Leader community newspapers in Victoria have successfully pushed for controversial speeding zone changes to be dropped in a powerful 10-day campaign.
VicRoads, the Victorian Government roads department, began gradually removing 70 and 90km/h speeding zones in late 2014 after a review recommended simplifying speeding zones across the state. However, a lack of transparency and consultation in the process became clear when motorists began voicing their complaints to Leader mastheads.
The campaign was so effective it is has been developed as a case study on the power of print by group sales teams.
The vast majority of speeding zone changes resulted limits being reduced overnight, prompting a wave of community unrest as motorists were unknowingly booked on their local roads.
“Nothing had changed about these roads – it was all in the name of bureaucratic convenience,” Leader group editor-in-chief John Trevorrow said.
“There were a couple of times where trees or shrubs were covering up the new signs. Some people were getting booked after driving on the roads for 10 years and thought it was quite unfair.”
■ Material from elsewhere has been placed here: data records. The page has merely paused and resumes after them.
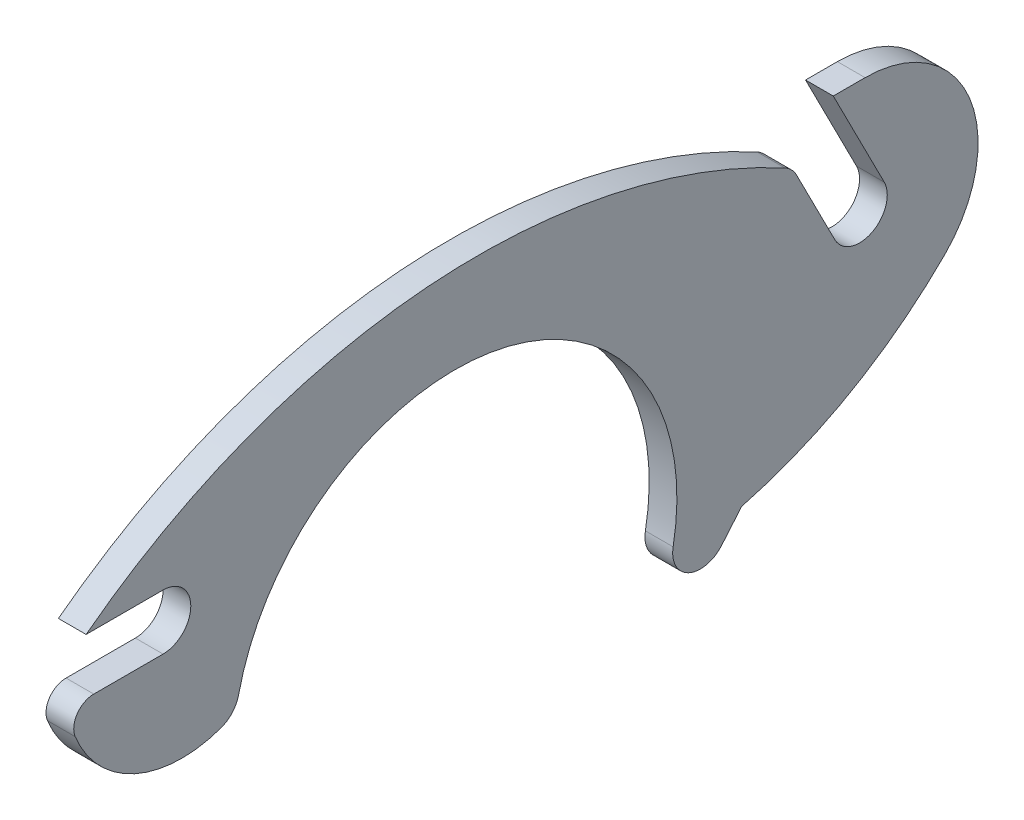
from build123d import *

# Parameters (mm, degrees)
RESSALTO_EXTRUS_O1_DEPTH = 2


with BuildPart() as part:
    # Esboço1 → Ressalto-extrusão1 (new body)
    with BuildSketch(Plane(origin=(0, 0, 0), x_dir=(0, 0, -1), z_dir=(1, 0, 0))):
        with BuildLine():
            Line((47.891048788, 19.389179081), (51.568608211, 12.171562323))
            ThreePointArc((51.568608211, 12.171562323), (50.694576162, 9.481568275), (48.004582114, 10.355600324))
            Line((48.004582114, 10.355600324), (45.23762298, 15.786063389))
            ThreePointArc((45.23762298, 15.786063389), (44.888153026, 16.27331816), (44.409608959, 16.634624175))
            ThreePointArc((44.409608959, 16.634624175), (18.624536688, 22.101585643), (-6, 12.7))
            Line((-6, 12.7), (-0.449608018, 12.7))
            ThreePointArc((-0.449608018, 12.7), (1.550391982, 10.7), (-0.449608018, 8.7))
            Line((-0.449608018, 8.7), (-5.446373062, 8.7))
            ThreePointArc((-5.446373062, 8.7), (-6.646208959, 8.062107753), (-6.788438162, 6.710707165))
            ThreePointArc((-6.788438162, 6.710707165), (-2.477663677, 2.236636341), (3.730763917, 2.001023917))
            ThreePointArc((3.730763917, 2.001023917), (4.55104613, 2.557847644), (5.001705215, 3.440922931))
            ThreePointArc((5.001705215, 3.440922931), (23.834938964, 15.61229456), (36.341556093, -3))
            ThreePointArc((36.341556093, -3), (37.451213604, -5.17490134), (39.837074711, -4.656054149))
            Line((39.837074711, -4.656054149), (41.277742045, -2.945943733))
            ThreePointArc((41.277742045, -2.945943733), (49.179258899, 0.290862483), (55.956453975, 5.485139138))
            ThreePointArc((55.956453975, 5.485139138), (57.714709062, 14.363124933), (50.18816454, 19.389179081))
            Line((50.18816454, 19.389179081), (47.891048788, 19.389179081))
        make_face()
    extrude(amount=RESSALTO_EXTRUS_O1_DEPTH)


solid = part.part

The issue heated up across the state and in February, with more than 30 stories already in print and 1000 comments across masthead social media about the issue, Leader launched the #Keep70 campaign in partnership with the RACV. The motorists’ organisation had also received complaints from its members and supported Leader’s push for roads to be changed only when there was a safety issue or a change in the road – not for bureaucratic reasons. Leader sent its opening editorial to the Victorian Government.
“We collectively noticed a lot was happening and there was very little transparency and very little consultation,” RACV Roads and Traffic manager Dave Jones said.
“Leader knew our position so they asked for an interview and we quickly realised there was more planned by the government. We realised we could be clever with the use of social media and hence the hashtags, #Keep70 and #Keep90 emerged.”
The message was carried across all 33 Leader newspapers and more than 100 #Keep70 posts on Facebook and Twitter engaged more than 5000 people, with hundreds more general messages of support from the community. RACV posted and re-tweeted Leader material through its own social channels.
“We certainly had a lot of support, not just from the community but from very experienced traffic and road safety engineers, who gave us the history of why there were 70 and 90 zones in the first place and why it was important to maintain them,” Mr Jones said.
The #Keep70 hashtag unified the stories across the state, building a picture of what was happening and unearthing inconsistencies – including the removal of a public list of areas targeted for the changes. Mr Jones said the proximity of Leaders journalists to their communities was a huge factor in the campaign’s success.
“It was a very powerful message and Leader took the opportunity to take a widespread story into peoples’ homes and communities and cover it in a very local, in-depth way,” he said.
“A larger metropolitan paper with more exposure wouldn’t get the same up close perspective.”
Nine days into the campaign, Office of Roads and Road Safety Minister Luke Donnellan told Leader the government would over-rule any further changes to 70km/h and 90km/h speed limits, unless there was a clear safety need or community demand. The campaign’s aim had been achieved.
The change was revealed in an exclusive 9pm report on leadernews.com.au, which was read by more than 14,000 people and received 150 comments, and on Facebook and Twitter the issue reached more than 50,000 people. The story hit the front page of the Herald-Sun and was picked up by metropolitan radio and TV as well as the ABC.
Leader papers were then able to report the results of the campaign this month, revealing the details of the policy changes.
It was a cycle which exemplified the power of community newspapers across print and digital, and the case study has proved useful to Leader sales teams.
“It allows them to make the point to clients that if people think print is somehow less relevant these days, it’s just not the case,” Mr Trevorrow said.
“It showed that traditional media, just like new media, is more influential than ever.
“We have our eyes and ears open at the ultra-local level. We became aware people thought it was unjust and decided to do something about it – that’s what newspapers are for. We can be their voice.”